La société AXA France IARD sera condamnée au paiement des entiers dépens de l’instance, en ce compris les frais d’expertise pour un montant total de 11.300 euros suivant l’ordonnance de taxe communiquée.
— Sur les frais non compris dans les dépens
En application de l’article 700 du code de procédure civile, le juge condamne la partie tenue aux dépens ou la partie perdante à payer à l’autre partie la somme qu’il détermine au titre des frais exposés et non compris dans les dépens. Le juge tient compte de l’équité ou de la situation économique de la partie condamnée. Il peut, même d’office, pour des raisons tirées des mêmes considérations, dire qu’il n’y a lieu à condamnation.
Tenue aux dépens, la société AXA France IARD, sera en outre condamnée à payer au syndicat des copropriétaires la somme de 5.000 euros à ce titre.
— Sur l’exécution provisoire
Aux termes des articles 514 et suivants du code de procédure civile, dans leur rédaction issue du décret n°2019-1333 du 11 décembre 2019 et applicable aux instances introduites à compter du 1er janvier 2020, les décisions de première instance sont de droit exécutoires à titre provisoire à moins que la loi ou la décision rendue n’en dispose autrement.
Le juge peut écarter l’exécution provisoire de droit, en tout ou partie, s’il estime qu’elle est incompatible avec la nature de l’affaire. Il statue, d’office ou à la demande d’une partie, par décision spécialement motivée.
En l’espèce, la nature des condamnations prononcées et l’ancienneté du litige justifient que l’exécution provisoire de droit ne soit pas écartée.

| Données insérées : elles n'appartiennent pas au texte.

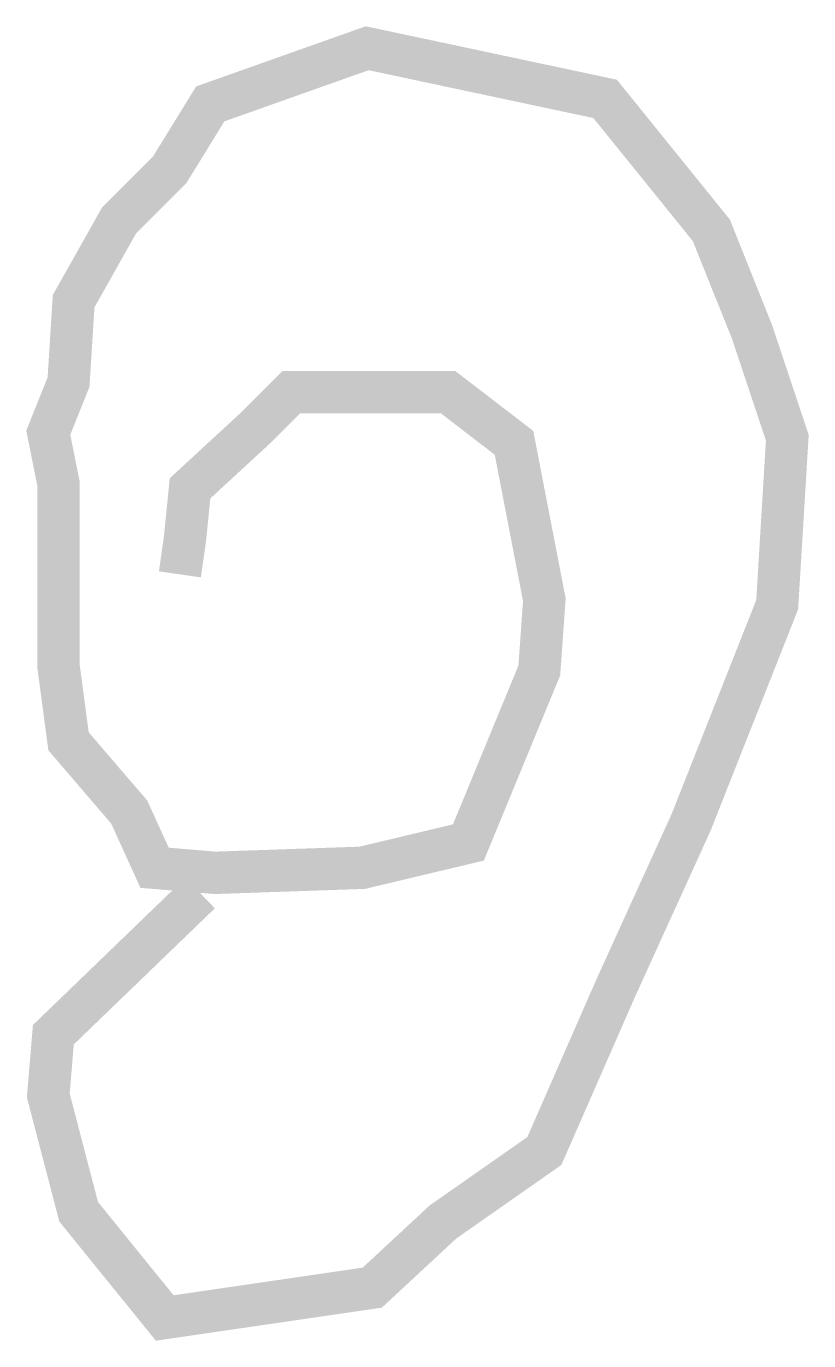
# Model space of a CAD drawing. Extents: x -0.02 to 1.83, y -0.03 to 3.07.
import ezdxf

# ---------------------------------------------------------------- set-up
doc = ezdxf.new("R2010")
doc.units = 0
doc.header["$MEASUREMENT"] = 0
doc.layers.get('0').update_dxf_attribs({"linetype": 'CONTINUOUS'})

msp = doc.modelspace()

# ---------------------------------------------------------------- linework, layer by layer
at = {"const_width": 0.1}
msp.add_lwpolyline([(0.3919, 1.024), (0.0455, 0.6898), (0.0335, 0.5466), (0.1052, 0.272), (0.3083, 0.0214), (0.7981, 0.093), (0.9653, 0.2482), (1.2042, 0.4153), (1.3715, 0.7972), (1.5507, 1.1911), (1.7537, 1.7043), (1.7776, 2.0981), (1.694, 2.3488), (1.5984, 2.5875), (1.3476, 2.8978), (0.7861, 3.0172), (0.4158, 2.8859), (0.3202, 2.7307), (0.2008, 2.6114), (0.0933, 2.4204), (0.0813, 2.2294), (0.0335, 2.1101), (0.0574, 1.9907), (0.0574, 1.752), (0.0574, 1.5611), (0.0813, 1.382), (0.2247, 1.2149), (0.2844, 1.0836), (0.4277, 1.0717), (0.7742, 1.0836), (1.025, 1.1433), (1.1923, 1.5491), (1.2042, 1.7162), (1.1326, 2.0862), (0.9773, 2.2056), (0.6069, 2.2056), (0.5233, 2.122), (0.368, 1.9788), (0.3561, 1.8594), (0.3441, 1.7759)], dxfattribs=at)

doc.saveas('drawing.dxf')

Les parties seront déboutées du surplus de leurs demandes formées au titre des frais irrépétibles ainsi que leurs autres demandes plus amples ou contraires.
PAR CES MOTIFS
Le tribunal, par décision contradictoire et rendue en premier ressort par mise à disposition au greffe,
CONDAMNE la société AXA France IARD à payer au syndicat des copropriétaires de l’immeuble sis [Adresse 2] – [Localité 12], en exécution de sa garantie financière, les sommes de :
• 148.390 euros au titre de la non représentation des fonds du compte sur Livret de la copropriété n°[XXXXXXXXXX04] par le syndic 3L Partners, nouvelle dénomination Belgrand immobilier ;
• 48.020 euros au titre de la non représentation des fonds du compte sur Livret A association de la copropriété n°[XXXXXXXXXX05] par le syndic 3L Partners, nouvelle dénomination Belgrand immobilier ;
DEBOUTE la société AXA France IARD de sa demande de condamnation au marc le franc en raison du dépassement de son plafond de garantie ;
CONDAMNE la société AXA France IARD à payer au syndicat des copropriétaires de l’immeuble sis [Adresse 2] – [Localité 12], en exécution de sa garantie responsabilité civile contractuelle, la somme 5.425,00 euros ;
DEBOUTE le syndicat des copropriétaires de l’immeuble sis [Adresse 2] – [Localité 12] de sa demande de condamnation de la société AXA France IARD en paiement de 5.000 euros au titre de la perte de chance de se voir attribuer des aides publiques pour les travaux de rénovation énergétique ;
CONDAMNE la société AXA France IARD aux dépens, en ce compris les frais d’expertise pour un montant total de 11.300 euros suivant l’ordonnance de taxe communiquée ;
Décision du 19 Novembre 2024
8ème chambre 1ère section
N° RG 20/04963 – N° Portalis 352J-W-B7E-CSFPD
CONDAMNE la société AXA France IARD à payer au syndicat des copropriétaires sis [Adresse 2] – [Localité 12] la somme de 5.000 euros au titre de l’article 700 du code de procédure civile ;
DEBOUTE les parties de leurs demandes plus amples ou contraires ;
RAPPELLE que l’exécution provisoire est de droit.
Fait et jugé à Paris le 19 Novembre 2024.